• Topic ID: id_17423147
  • Version: 2.0
  • Date: Nov 27, 2020 2:15:24 AM

NIO16 Host Computer (Z840) Recon GPU Card Replacement

Prerequisites

Overview

This procedure shall be followed when replacing the Recon GPU card in the NIO16 Host Computer (Z840).

Figure 1. Recon GPU card

1 Preparation

Procedure

  1. Shutdown system. Select one of the following methods to Power OFF the Console:
    • If Applications are up, click on the Shut Down button on desktop display and select Shutdown.

    • If Applications are down, open a Terminal Window. Type: halt , then press ENTER.

    • When halt command has finished, power Off the console at the front panel switch.

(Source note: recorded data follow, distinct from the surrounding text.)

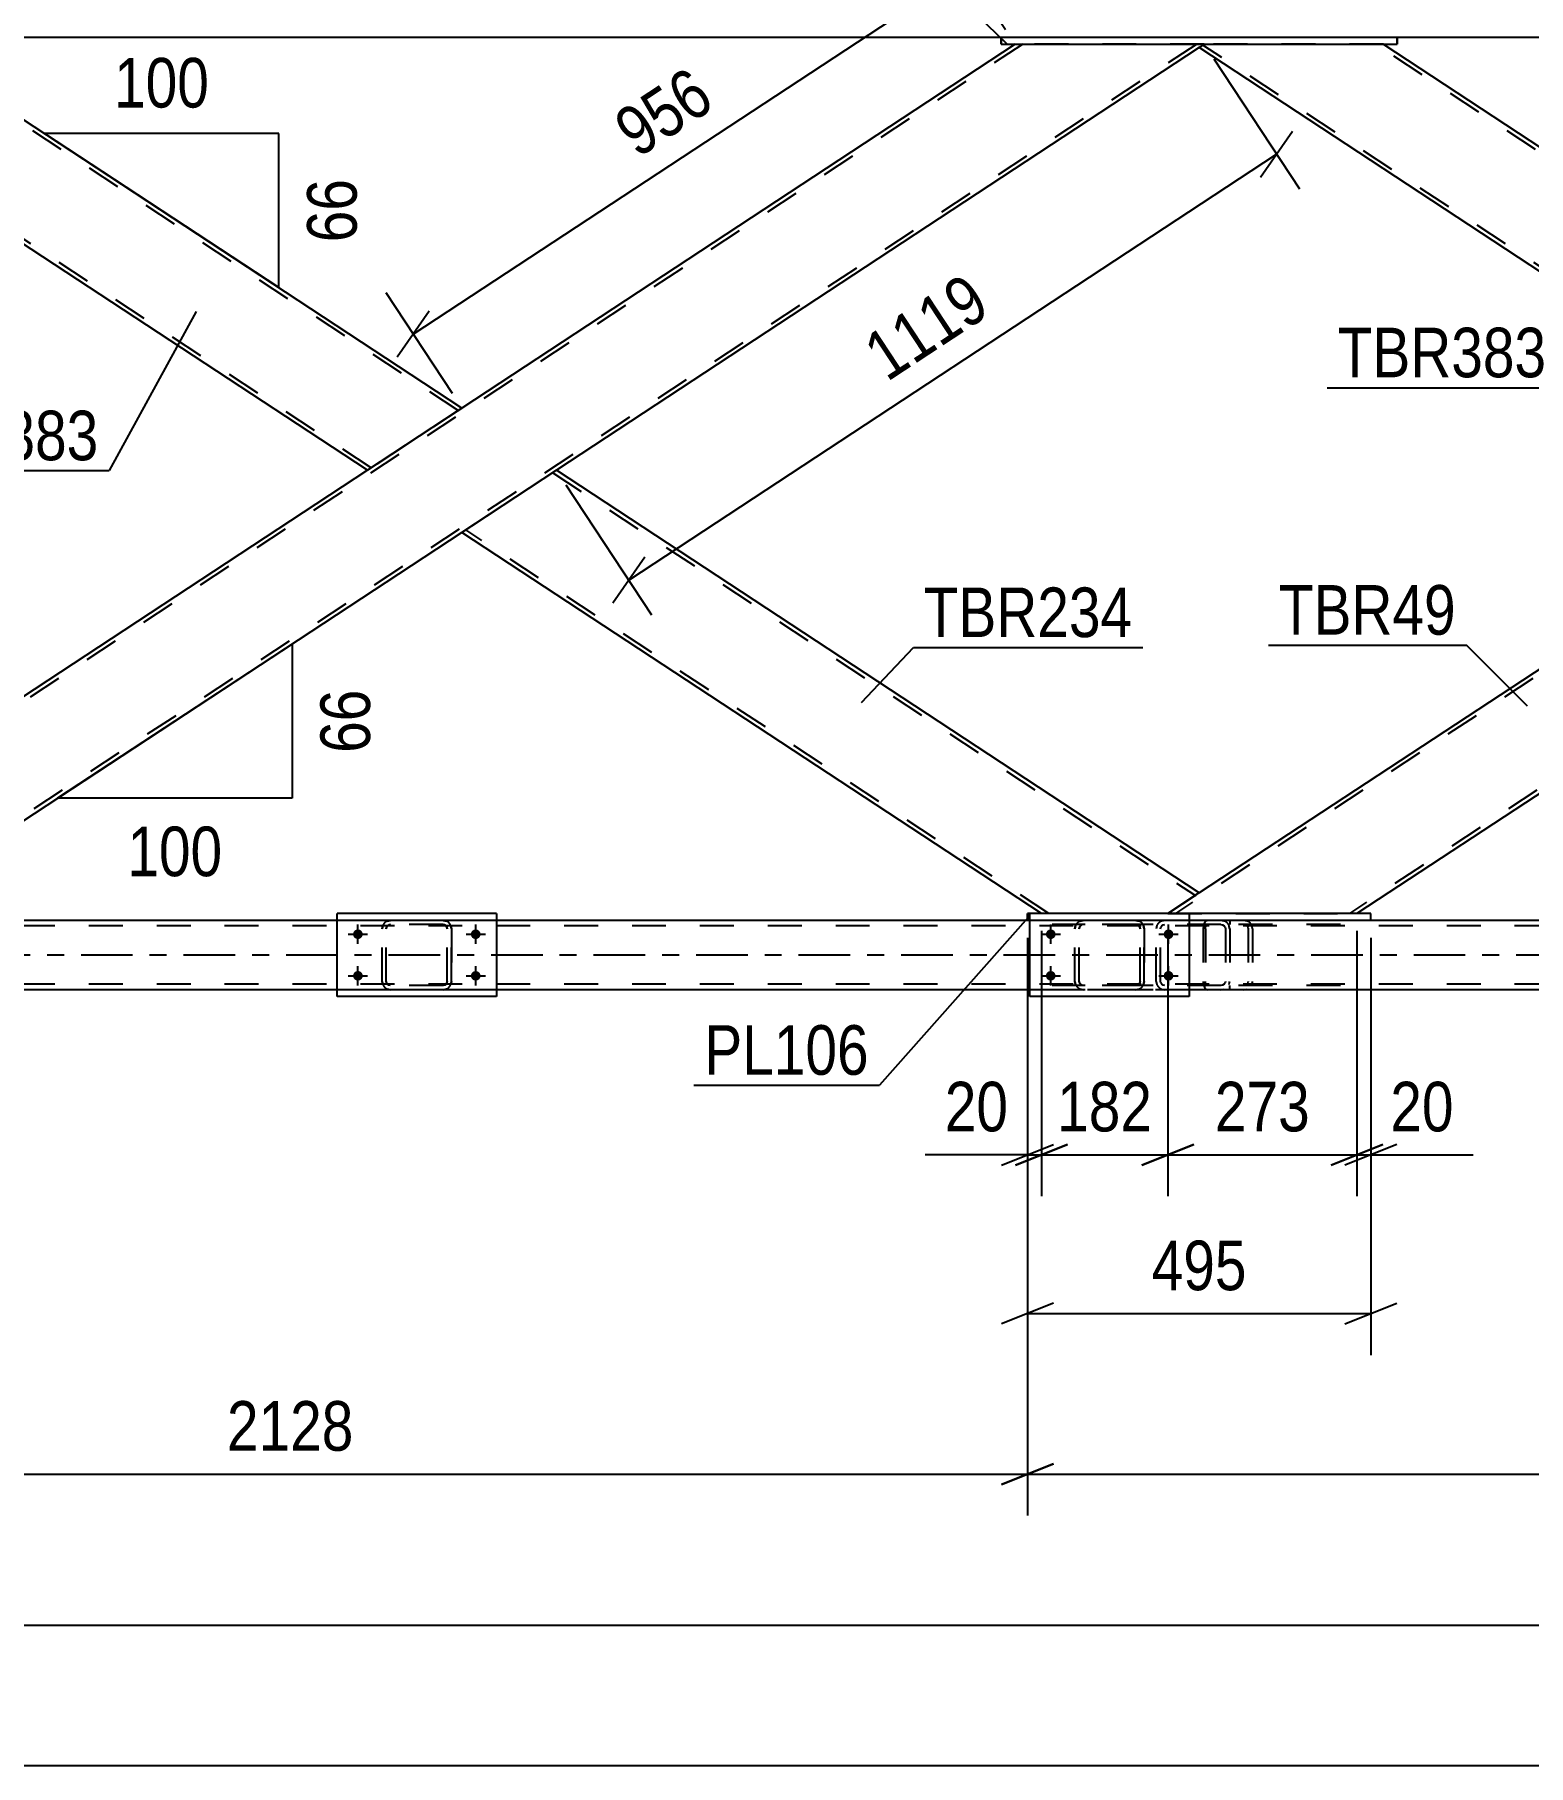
# Model space of a CAD drawing. Header units: millimetres. Extents: x -857 to 332, y -866 to -25.
# Drawn here: x -669.3 to -583.1, y -183.8 to -83.9 of the extents above; entities that cross this region are included whole.
import ezdxf

# ---------------------------------------------------------------- set-up
doc = ezdxf.new("R2010")
doc.units = ezdxf.units.MM
doc.linetypes.add('DXK_LINE_DOT2', pattern=[3.9198, 1.9599, -1.9599])
doc.linetypes.add('DXK_LINE_DOT3', pattern=[5.9187, 2.979, -0.9799, 0.9799, -0.9799])
doc.styles.add('Arial Narrow', font='ARIALN.TTF', dxfattribs={"height": 0.2})

# ---------------------------------------------------------------- blocks, each defined once
blk = doc.blocks.new('Bolt-570388934-11950 - 11942')
at = {"linetype": 'Continuous'}
for points in [[(-610.637, -135.548, -1), (-610.637, -136.108, -1)], [(-603.837, -135.548, -1), (-603.837, -136.108, -1)], [(-610.637, -137.948, -1), (-610.637, -138.508, -1)], [(-603.837, -137.948, -1), (-603.837, -138.508, -1)]]:
    blk.add_hatch(color=1, dxfattribs=at).paths.add_polyline_path(points)
at = {"color": 1, "linetype": 'Continuous'}
for p, q in [((-611.197, -135.828), (-610.077, -135.828)), ((-610.637, -136.388), (-610.637, -135.268)), ((-604.397, -135.828), (-603.277, -135.828)), ((-603.837, -136.388), (-603.837, -135.268)), ((-610.637, -138.788), (-610.637, -137.668)), ((-603.837, -138.788), (-603.837, -137.668)), ((-611.197, -138.228), (-610.077, -138.228)), ((-604.397, -138.228), (-603.277, -138.228))]:
    blk.add_line(p, q, dxfattribs=at)
blk = doc.blocks.new('Bolt-570388934-11953 - 11942')
at = {"linetype": 'Continuous'}
for points in [[(-650.637, -135.548, -1), (-650.637, -136.108, -1)], [(-643.837, -135.548, -1), (-643.837, -136.108, -1)], [(-650.637, -137.948, -1), (-650.637, -138.508, -1)], [(-643.837, -137.948, -1), (-643.837, -138.508, -1)]]:
    blk.add_hatch(color=1, dxfattribs=at).paths.add_polyline_path(points)
at = {"color": 1, "linetype": 'Continuous'}
for p, q in [((-651.197, -135.828), (-650.077, -135.828)), ((-650.637, -136.388), (-650.637, -135.268)), ((-644.397, -135.828), (-643.277, -135.828)), ((-643.837, -136.388), (-643.837, -135.268)), ((-650.637, -138.788), (-650.637, -137.668)), ((-643.837, -138.788), (-643.837, -137.668)), ((-651.197, -138.228), (-650.077, -138.228)), ((-644.397, -138.228), (-643.277, -138.228))]:
    blk.add_line(p, q, dxfattribs=at)
blk = doc.blocks.new('Part-570388934-12354 - 11942')
at = {"color": 7, "linetype": 'DXK_LINE_DOT2'}
for p, q in [((-154.637, -135.348), (-829.061, -135.348)), ((-154.637, -135.028), (-811.837, -135.028)), ((-642.637, -135.028), (-651.837, -135.028)), ((-592.156, -135.028), (-611.974, -135.028)), ((-154.637, -138.708), (-829.061, -138.708)), ((-154.637, -139.028), (-771.837, -139.028)), ((-642.637, -139.028), (-651.837, -139.028)), ((-602.637, -139.028), (-611.837, -139.028))]:
    blk.add_line(p, q, dxfattribs=at)
at = {"color": 2, "linetype": 'Continuous'}
for p, q in [((-651.837, -135.028), (-677.291, -135.028)), ((-611.974, -135.028), (-642.637, -135.028)), ((-571.837, -135.028), (-592.156, -135.028)), ((-651.837, -139.028), (-682.637, -139.028)), ((-611.837, -139.028), (-642.637, -139.028)), ((-571.837, -139.028), (-602.637, -139.028))]:
    blk.add_line(p, q, dxfattribs=at)
at = {"color": 7, "linetype": 'DXK_LINE_DOT3'}
blk.add_line((-154.637, -137.028), (-829.061, -137.028), dxfattribs=at)
blk = doc.blocks.new('Part-570388934-12041 - 11942')
at = {"color": 2, "linetype": 'Continuous'}
for p, q in [((-602.637, -134.628), (-611.837, -134.628)), ((-611.837, -139.428), (-611.837, -134.628)), ((-602.637, -134.628), (-602.637, -139.428)), ((-602.637, -139.428), (-611.837, -139.428))]:
    blk.add_line(p, q, dxfattribs=at)
blk = doc.blocks.new('Part-570388934-12047 - 11942')
at = {"color": 7, "linetype": 'DXK_LINE_DOT2'}
for p, q in [((-649.237, -135.508), (-649.201, -135.325)), ((-649.201, -135.325), (-649.237, -135.508)), ((-649.237, -138.548), (-649.237, -135.508)), ((-649.237, -135.508), (-649.237, -135.508)), ((-649.237, -138.548), (-649.237, -135.508)), ((-648.997, -135.508), (-648.979, -135.416)), ((-648.979, -135.416), (-648.997, -135.508)), ((-648.997, -138.548), (-648.997, -135.508)), ((-648.997, -135.508), (-648.997, -135.508)), ((-648.997, -138.548), (-648.997, -135.508)), ((-648.979, -135.416), (-648.927, -135.339)), ((-648.927, -135.339), (-648.979, -135.416)), ((-648.941, -135.065), (-648.757, -135.028)), ((-648.757, -135.028), (-648.941, -135.065)), ((-648.927, -135.339), (-648.849, -135.286)), ((-648.757, -135.268), (-648.849, -135.286)), ((-645.717, -135.028), (-648.757, -135.028)), ((-645.717, -135.268), (-648.757, -135.268)), ((-645.717, -135.028), (-645.533, -135.065)), ((-645.533, -135.065), (-645.717, -135.028)), ((-645.625, -135.286), (-645.717, -135.268)), ((-645.625, -135.286), (-645.547, -135.339)), ((-645.547, -135.339), (-645.625, -135.286)), ((-645.547, -135.339), (-645.495, -135.416)), ((-645.495, -135.416), (-645.547, -135.339)), ((-645.495, -135.416), (-645.477, -135.508)), ((-645.477, -135.508), (-645.495, -135.416)), ((-645.477, -138.548), (-645.477, -135.508)), ((-645.477, -135.508), (-645.477, -135.508)), ((-645.477, -138.548), (-645.477, -135.508)), ((-645.274, -135.325), (-645.237, -135.508)), ((-645.237, -135.508), (-645.274, -135.325)), ((-645.237, -138.548), (-645.237, -135.508)), ((-645.237, -135.508), (-645.237, -135.508)), ((-645.237, -135.508), (-645.237, -138.548)), ((-649.237, -138.548), (-649.237, -138.548)), ((-649.201, -138.732), (-649.237, -138.548)), ((-649.237, -138.548), (-649.201, -138.732)), ((-648.997, -138.548), (-648.997, -138.548)), ((-648.979, -138.64), (-648.997, -138.548)), ((-648.997, -138.548), (-648.979, -138.64)), ((-648.927, -138.718), (-648.979, -138.64)), ((-648.979, -138.64), (-648.927, -138.718)), ((-648.849, -138.77), (-648.927, -138.718)), ((-648.927, -138.718), (-648.849, -138.77)), ((-648.757, -138.788), (-648.849, -138.77)), ((-645.717, -138.788), (-648.757, -138.788)), ((-645.625, -138.77), (-645.717, -138.788)), ((-645.547, -138.718), (-645.625, -138.77)), ((-645.495, -138.64), (-645.547, -138.718)), ((-645.547, -138.718), (-645.495, -138.64)), ((-645.477, -138.548), (-645.495, -138.64)), ((-645.495, -138.64), (-645.477, -138.548)), ((-645.477, -138.548), (-645.477, -138.548)), ((-645.237, -138.548), (-645.274, -138.732)), ((-645.274, -138.732), (-645.237, -138.548)), ((-645.237, -138.548), (-645.237, -138.548)), ((-648.757, -139.028), (-648.941, -138.992)), ((-648.941, -138.992), (-648.757, -139.028)), ((-645.717, -139.028), (-648.757, -139.028)), ((-645.533, -138.992), (-645.717, -139.028)), ((-645.717, -139.028), (-645.533, -138.992))]:
    blk.add_line(p, q, dxfattribs=at)
at = {"color": 7, "linetype": 'DXK_LINE_DOT3'}
blk.add_line((-647.237, -137.028), (-647.237, -137.028), dxfattribs=at)
at = {"color": 7, "linetype": 'DXK_LINE_DOT2'}
for centre, start, end in [((-648.757, -135.508), 112.5, 157.5), ((-648.757, -135.508), 112.5, 157.5), ((-645.717, -135.508), 22.5, 67.5), ((-645.717, -135.508), 22.5, 67.5), ((-648.757, -138.548), 202.5, 247.5), ((-648.757, -138.548), 202.5, 247.5), ((-645.717, -138.548), 292.5, 337.5), ((-645.717, -138.548), 292.5, 337.5)]:
    blk.add_arc(centre, 0.48, start, end, dxfattribs=at)
blk = doc.blocks.new('Part-570388934-12052 - 11942')
at = {"color": 7, "linetype": 'DXK_LINE_DOT2'}
for p, q in [((-609.237, -135.508), (-609.201, -135.325)), ((-609.201, -135.325), (-609.237, -135.508)), ((-609.237, -138.548), (-609.237, -135.508)), ((-609.237, -135.508), (-609.237, -135.508)), ((-609.237, -138.548), (-609.237, -135.508)), ((-608.997, -135.508), (-608.979, -135.416)), ((-608.979, -135.416), (-608.997, -135.508)), ((-608.997, -138.548), (-608.997, -135.508)), ((-608.997, -135.508), (-608.997, -135.508)), ((-608.997, -138.548), (-608.997, -135.508)), ((-608.979, -135.416), (-608.927, -135.339)), ((-608.927, -135.339), (-608.979, -135.416)), ((-608.941, -135.065), (-608.757, -135.028)), ((-608.757, -135.028), (-608.941, -135.065)), ((-608.927, -135.339), (-608.849, -135.286)), ((-608.757, -135.268), (-608.849, -135.286)), ((-605.717, -135.028), (-608.757, -135.028)), ((-605.717, -135.268), (-608.757, -135.268)), ((-605.717, -135.028), (-605.533, -135.065)), ((-605.533, -135.065), (-605.717, -135.028)), ((-605.625, -135.286), (-605.717, -135.268)), ((-605.625, -135.286), (-605.547, -135.339)), ((-605.547, -135.339), (-605.625, -135.286)), ((-605.547, -135.339), (-605.495, -135.416)), ((-605.495, -135.416), (-605.547, -135.339)), ((-605.495, -135.416), (-605.477, -135.508)), ((-605.477, -135.508), (-605.495, -135.416)), ((-605.477, -138.548), (-605.477, -135.508)), ((-605.477, -135.508), (-605.477, -135.508)), ((-605.477, -138.548), (-605.477, -135.508)), ((-605.274, -135.325), (-605.237, -135.508)), ((-605.237, -135.508), (-605.274, -135.325)), ((-605.237, -138.548), (-605.237, -135.508)), ((-605.237, -135.508), (-605.237, -135.508)), ((-605.237, -135.508), (-605.237, -138.548)), ((-609.237, -138.548), (-609.237, -138.548)), ((-609.201, -138.732), (-609.237, -138.548)), ((-609.237, -138.548), (-609.201, -138.732)), ((-608.997, -138.548), (-608.997, -138.548)), ((-608.979, -138.64), (-608.997, -138.548)), ((-608.997, -138.548), (-608.979, -138.64)), ((-608.927, -138.718), (-608.979, -138.64)), ((-608.979, -138.64), (-608.927, -138.718)), ((-608.849, -138.77), (-608.927, -138.718)), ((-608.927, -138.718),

  2. Apply LOTO. See Equipment Service - Lockout-Tagout-PPE procedure.
  3. Remove the left side cover of console. Refer to Replacement → Console → Console Cover Removal and Installation procedure.

2 Recon GPU Card Replacement

Procedure

  1. Remove the side access panel and pull out the latch to release the computer left side cover.

    Figure 2. Side Access Panel Removal

  2. Remove the following components from the host computer (Z840):
    • Expansion Card Support

    • Airflow Guide

    Figure 3. Z840 Airflow Guide and Expansion Card Support

  3. Locate Recon GPU Card FRU by referencing the Illustration below.

    Figure 4. Z840 Component Location

  4. Replace the existing Recon GPU Card (Slot 6) with new one.
    note:

    Lift up the card latch when removing the card. (See Figure 5)

    Figure 5. PCI card Latch

  5. Reinstall all removed components, and reconnect any cables that have been disconnected.

3 Restore the Console

Procedure

  1. Remove LOTO from console.
  2. Reinstall the console covers.

4 Finalization

Procedure

  1. Confirm Host computer powers up when console power is turned on.
  2. Check the GPU card installed. Open a shell, then type:

    {ctuser@hostname} ls /proc/driver/nvidia/gpus | wc —l

    • If “2” displays, the Recon GPU card is installed.

    • If “1” displays, the Recon GPU card is un-installed.

  3. Ensure GPU ECC state is ON:
    1. Open a Unix shell and log on as root.
    2. Type: su - [ENTER].
    3. Type the root password [ENTER].
    4. Type: nvidia-smi [ENTER].
    5. Check GPU ECC status as below:
      • If the GPU ECC is ON, below is what the output would look like (boxed in green):

      • If the GPU ECC is OFF, below is what the output would look like (boxed in red):

    6. How to turn ECC back on:
      • Type: nvidia-smi -g 0 --ecc-config=1 [ENTER]
      • A message will show that ECC is enable and a reboot is required:

      • After reboot, check that the ECC is ON according to previous steps.
  4. Perform the Functional Checks → System Scanning Test instructions from the procedure list.